→ **EXERCISE AIM**:
Extract, from the records beneath this instruction, each line that contains the word "Angles".

[Extracted data entries]
--------------------------------

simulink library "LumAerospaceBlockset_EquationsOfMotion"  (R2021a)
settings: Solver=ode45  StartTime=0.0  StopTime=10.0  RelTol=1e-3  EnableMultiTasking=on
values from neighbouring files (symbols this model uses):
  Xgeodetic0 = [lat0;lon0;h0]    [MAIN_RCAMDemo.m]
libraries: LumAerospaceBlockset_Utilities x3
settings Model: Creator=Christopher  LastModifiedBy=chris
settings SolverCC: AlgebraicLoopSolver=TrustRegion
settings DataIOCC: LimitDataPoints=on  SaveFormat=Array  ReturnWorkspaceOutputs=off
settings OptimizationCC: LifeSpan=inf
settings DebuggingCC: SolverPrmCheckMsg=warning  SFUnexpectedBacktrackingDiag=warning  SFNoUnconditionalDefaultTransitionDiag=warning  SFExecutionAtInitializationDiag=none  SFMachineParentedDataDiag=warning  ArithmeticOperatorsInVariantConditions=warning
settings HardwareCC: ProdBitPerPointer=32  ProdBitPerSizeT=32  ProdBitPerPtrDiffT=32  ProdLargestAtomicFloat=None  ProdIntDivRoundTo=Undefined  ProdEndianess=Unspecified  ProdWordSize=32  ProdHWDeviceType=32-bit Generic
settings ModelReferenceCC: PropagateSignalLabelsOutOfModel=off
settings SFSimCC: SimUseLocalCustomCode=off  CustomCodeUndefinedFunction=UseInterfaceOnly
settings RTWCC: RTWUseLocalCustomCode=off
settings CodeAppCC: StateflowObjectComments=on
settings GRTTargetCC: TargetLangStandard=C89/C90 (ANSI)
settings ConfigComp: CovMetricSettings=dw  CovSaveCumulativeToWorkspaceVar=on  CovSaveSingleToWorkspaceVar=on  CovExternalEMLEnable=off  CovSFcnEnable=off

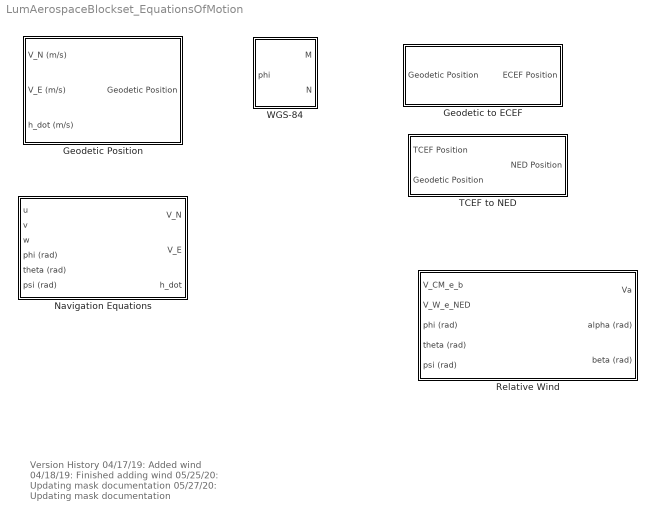
== system LumAerospaceBlockset_EquationsOfMotion ==
  note: Version History
      | 04/17/19: Added wind
      | 04/18/19: Finished adding wind
      | 05/25/20: Updating mask documentation
      | 05/27/20: Updating mask documentation
  Geodetic Position : Subsystem  mask{Xgeodetic0=Xgeodetic0}
      mask prompts: Xgeodetic0 "Initial Position (Geodetic)"
      mask help:
      | Obtains the position in Geodetic Coordinates from North-East-Down velocities.
      |
      | Longitude is bounded between [-pi,pi).  Latitutde is unbounded.  This creates problems near phi=+/-pi/2.  This block should not be used near these limits (ie north/south pole)
      |
      | Inputs are velocities in North-East-Down frame (except for h_dot = -V_down).    All inputs must be in units of meters/sec.
      |
      | Inputs:	V_N:	North velocity (m/s)
      | 	V_E:	East velocity (m/s)
      | 	h_dot:	Altitude_dot (m/s)
      |
      | Outputs:	3x1 vector of (phi;lambda;h).
      | 		phi = geodetic latitude (rad)
      | 		lambda = terrestrial longitude (rad)
      | 		h = geodetic altitude (m)
      |
      | For more information, see Stevens, B.L., Lewis, F.L., "Aircraft Control and Simulation 2nd Ed".  2003 John Wiley & Sons.  Pg. 37
      |
      | Christopher Lum
      | lum@uw.edu
  Geodetic to ECEF : Subsystem  Description=|
      | Version History  
      |                  
      | 05/??/05: Created
      mask help:
      | Convert from geodetic coordinates to Earth-Centered-Earth-Fixed (ECEF) frame.
      |
      | Inputs:		Geodetic Position:	3x1 vector of [phi;lambda;h].
      |
      | Outputs:	ECEF position:		3x1 vector of [x_ECEF;y_ECEF;z_ECEF].
      |
      | For more information, see Stevens, B.L., Lewis, F.L., "Aircraft Control and Simulation 2nd Ed".  2003 John Wiley & Sons.  Pg. 38
      |
      | Created by Christopher Lum
      | lum@u.washington.edu
  Navigation Equations : Subsystem  Description=|
      | Version History  
      |                  
      | 05/24/05: Created
      mask help:
      | Converts velocities in body frame to velocities in North-East-Down frame.  This computes the outputs using the following equations
      |
      | 	V_N = u*cos(theta)*cos(psi)+v*(-cos(phi)*sin(psi)+sin(phi)*sin(theta)*cos(psi))+w*(sin(phi)*sin(psi)+cos(phi)*sin(theta)*cos(psi))
      |
      | 	V_E = u*cos(theta)*sin(psi)+v*(cos(phi)*cos(psi)+sin(phi)*sin(theta)*sin(psi))+w*(-sin(phi)*cos(psi)+cos(phi)*sin(theta)*sin(psi))
      |
      | 	h_dot = u*sin(theta)-v*sin(phi)*cos(theta)-w*cos(phi)*cos(theta)
      |
      | Note that h_dot = -V_down
      |
      | Inputs:		u:	body velocity x
      | 		v:	body velocity y
      | 		w:	body velocity z
      | 		phi:	Euler angle bank (rad)
      | 		theta:	Euler angle pitch (rad)
      | 		psi:	Euler angle yaw (rad)
      |
      | Outputs:		V_N:	velocity north
      | 		V_E:	velocity east
      | 		h_dot:	altitude rate of change (positive h_dot implies climb)
      |
      | For more information, see Stevens, B.L., Lewis, F.L., "Aircraft Control and Simulation 2nd Ed". 2003 John Wiley & Sons. Pg.110
      |
      | Christopher Lum
      | lum@uw.edu
  Relative Wind : Subsystem
      mask help:
      | Computes the airspeed, angle of attack, and angle of sideslip experienced by an aircraft in a steady wind field.
      |
      | 	v_CM_e_b = [u;v;w]
      | 	V_W_e_NED   = [W_N; W_E; W_D]
      |
      | For example, if the wind is directly from the South (in other words it is blowing directly North) and 10 m/s, then V_W_e_n = [10; 0; 0].
      |
      | If there is no relative motion (V_CM_e_b = V_W_e_NED) then alpha and beta are set to 0 (as opposed to NaN).
      |
      | Inputs:	V_CM_e_b:	velocity vector of CM of aircraft w.r.t. earth/inertial frame expressed in the body (b) frame (3x1 vector)
      | 	V_W_e_NED:	velocity vector of the wind w.r.t. earth/inertial frame expressed in the north, east, down (NED) frame (3x1)
      | 	phi:	Euler angle bank (rad)
      | 	theta:	Euler angle pitch (rad)
      | 	psi:	Euler angle yaw (rad)
      |
      | Outputs:	Va:	airspeed experienced by the aircraft
      | 	alpha:	angle of attack experienced by aircraft (rad)
      | 	beta:	angle of sideslip experienced by aircraft (rad)
      |
      | Created by Christopher Lum
      | lum@uw.edu
      mask Display: image('WindIcon.png')
  TCEF to NED : Subsystem  Description=|
      | Version History  
      |                  
      | 05/??/05: Created
      mask help:
      | Convert from Target-Centered-Earth-Fixed (TCEF) frame to North-East-Down (NED) frame.  TCEF frame is same as ECEF frame except its origin is at target specified by phi, lambda, and h.
      |
      | Inputs:		TCEF Position:		3x1 vector of [x_TCEF;y_TCEF;z_TCEF].
      | 		Geodetic Position:	3x1 vector of [phi;lambda;h].
      |
      | Outputs:	NED position:		3x1 vector of [PN,PE,PD]
      |
      | For more information, see Stevens, B.L., Lewis, F.L., "Aircraft Control and Simulation 2nd Ed".  2003 John Wiley & Sons.  Pg. 37
      |
      | Created by Christopher Lum
      | lum@u.washington.edu
  WGS-84 : Subsystem  Description=|
      | Version History  
      |                  
      | 05/??/05: Created
      mask help:
      | Calculates the meridian raidus of curvature (M), and the prime vertical radius of curvature (N).
      |
      | Inputs:	phi:	Geodetic latitude (rad)
      |
      | Outputs:	M:	Meridian radius of curvature (m)
      | 	N:	Prime vertical radius of curvature (m)
      |
      | For more information, see Stevens, B.L., Lewis, F.L., "Aircraft Control and Simulation 2nd Ed".  2003 John Wiley & Sons.  Pg. 37
      |
      | Christopher Lum
      | lum@uw.edu

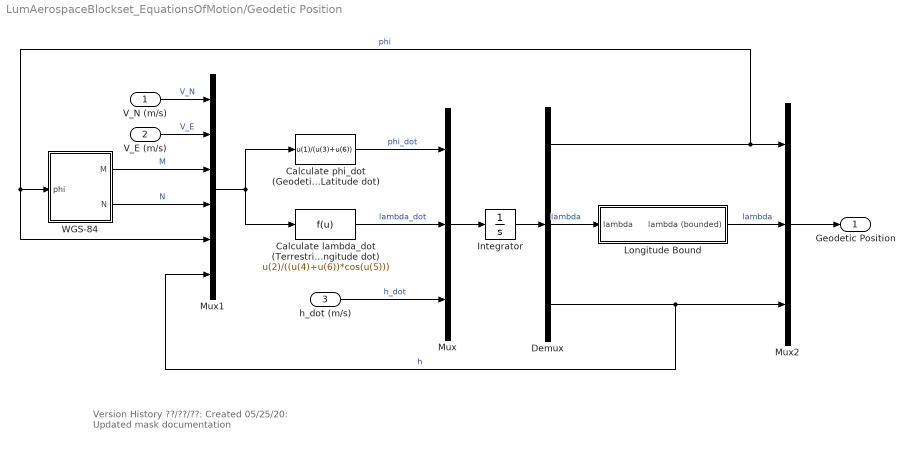
== system LumAerospaceBlockset_EquationsOfMotion/Geodetic Position ==
  note: Version History
      | ??/??/??: Created
      | 05/25/20: Updated mask documentation
  V_N (m/s) : Inport
  V_E (m/s) : Inport  Port=2
  h_dot (m/s) : Inport  Port=3
  Calculate lambda_dot (Terrestrial Longitude dot) : Fcn  Expr=u(2)/((u(4)+u(6))*cos(u(5)))
  Calculate phi_dot (Geodetic Latitude dot) : Fcn  Expr=u(1)/(u(3)+u(6))
  Demux : Demux  Outputs=3
  Integrator : Integrator  InitialCondition=Xgeodetic0
  Longitude Bound : Subsystem
      mask help:
      | Converts input longitude to it equivalent in the range [-pi,pi).
      |
      | Original Block concept from Aerosim Blockset by Unmanned Dynamics.  www.u-dynamics.com
  Mux : Mux  Inputs=3
  Mux1 : Mux  Inputs=6
  Mux2 : Mux  Inputs=3
  WGS-84 : Subsystem
  Geodetic Position : Outport  VectorParamsAs1DForOutWhenUnconnected=off
  wires:
  Longitude Bound/1(lambda (bounded)) -> Mux2/2  "lambda"
  Mux1/1 -> Calculate lambda_dot (Terrestrial Longitude dot)/1, Calculate phi_dot (Geodetic Latitude dot)/1
  Calculate phi_dot (Geodetic Latitude dot)/1 -> Mux/1  "phi_dot"
  Calculate lambda_dot (Terrestrial Longitude dot)/1 -> Mux/2  "lambda_dot"
  WGS-84/2(N) -> Mux1/4  "N"
  WGS-84/1("M ") -> Mux1/3  "M"
  h_dot (m/s)/1 -> Mux/3  "h_dot"
  V_E (m/s)/1 -> Mux1/2  "V_E"
  V_N (m/s)/1 -> Mux1/1  "V_N"
  Demux/3 -> Mux1/6, Mux2/3  "h"
  Demux/2 -> Longitude Bound/1(lambda)  "lambda"
  Demux/1 -> Mux1/5, WGS-84/1(phi), Mux2/1  "phi"
  Integrator/1 -> Demux/1
  Mux/1 -> Integrator/1
  Mux2/1 -> Geodetic Position/1

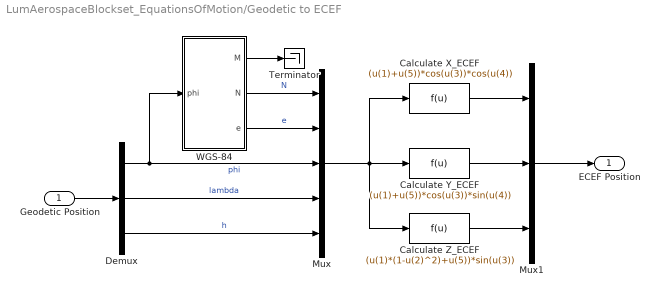
== system LumAerospaceBlockset_EquationsOfMotion/Geodetic to ECEF ==
  Geodetic Position : Inport
  Calculate X_ECEF : Fcn  Expr=(u(1)+u(5))*cos(u(3))*cos(u(4))
  Calculate Y_ECEF : Fcn  Expr=(u(1)+u(5))*cos(u(3))*sin(u(4))
  Calculate Z_ECEF : Fcn  Expr=(u(1)*(1-u(2)^2)+u(5))*sin(u(3))
  Demux : Demux  Outputs=3
  Mux : Mux  Inputs=5
  Mux1 : Mux  Inputs=3
  Terminator : Terminator
  WGS-84 : Subsystem
  ECEF Position : Outport  VectorParamsAs1DForOutWhenUnconnected=off
  wires:
  Geodetic Position/1 -> Demux/1
  Mux/1 -> Calculate Y_ECEF/1, Calculate X_ECEF/1, Calculate Z_ECEF/1
  Calculate X_ECEF/1 -> Mux1/1
  Calculate Y_ECEF/1 -> Mux1/2
  Calculate Z_ECEF/1 -> Mux1/3
  Mux1/1 -> ECEF Position/1
  Demux/2 -> Mux/4  "lambda"
  Demux/3 -> Mux/5  "h"
  WGS-84/2(N) -> Mux/1  "N"
  WGS-84/3(e) -> Mux/2  "e"
  Demux/1 -> Mux/3, WGS-84/1(phi)  "phi"
  WGS-84/1("M ") -> Terminator/1

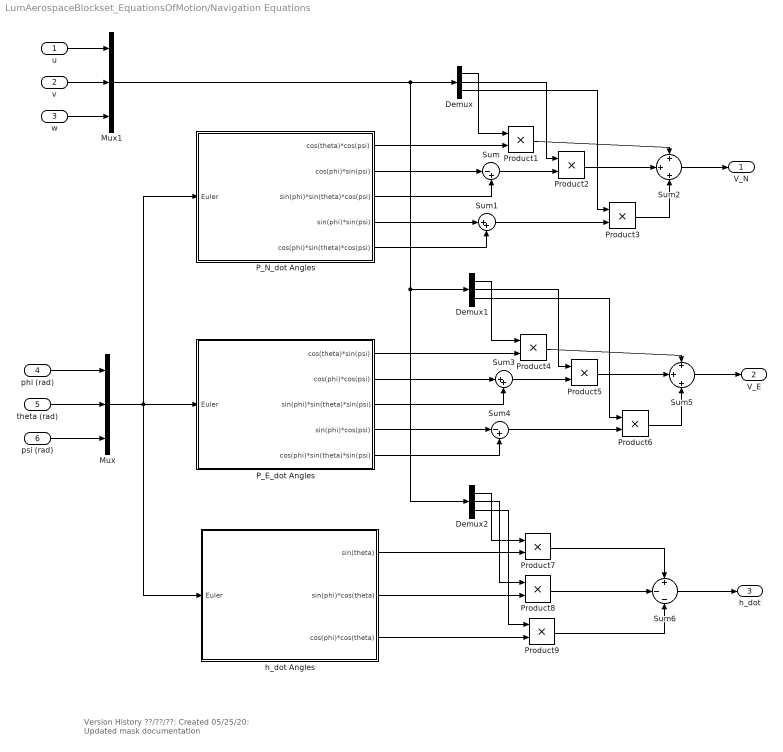
== system LumAerospaceBlockset_EquationsOfMotion/Navigation Equations ==
  note: Version History
      | ??/??/??: Created
      | 05/25/20: Updated mask documentation
  u : Inport
  v : Inport  Port=2
  w : Inport  Port=3
  phi (rad) : Inport  Port=4
  theta (rad) : Inport  Port=5
  psi (rad) : Inport  Port=6
  Demux : Demux  Outputs=3
  Demux1 : Demux  Outputs=3
  Demux2 : Demux  Outputs=3
  Mux : Mux  Inputs=3
  Mux1 : Mux  Inputs=3
  P_E_dot Angles : Subsystem
  P_N_dot Angles : Subsystem
  Product{1..9} (9 alike) : Product  RndMeth=Zero
  Sum : Sum  Inputs=|-+
  Sum1 : Sum  Inputs=|++
  Sum2 : Sum  Inputs=+|+|+
  Sum3 : Sum  Inputs=|++
  Sum4 : Sum  Inputs=|-+
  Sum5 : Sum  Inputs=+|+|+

--------------------------------

→ **SOLUTION FOR THIS PROBLEM**:
  P_E_dot Angles : Subsystem
  P_N_dot Angles : Subsystem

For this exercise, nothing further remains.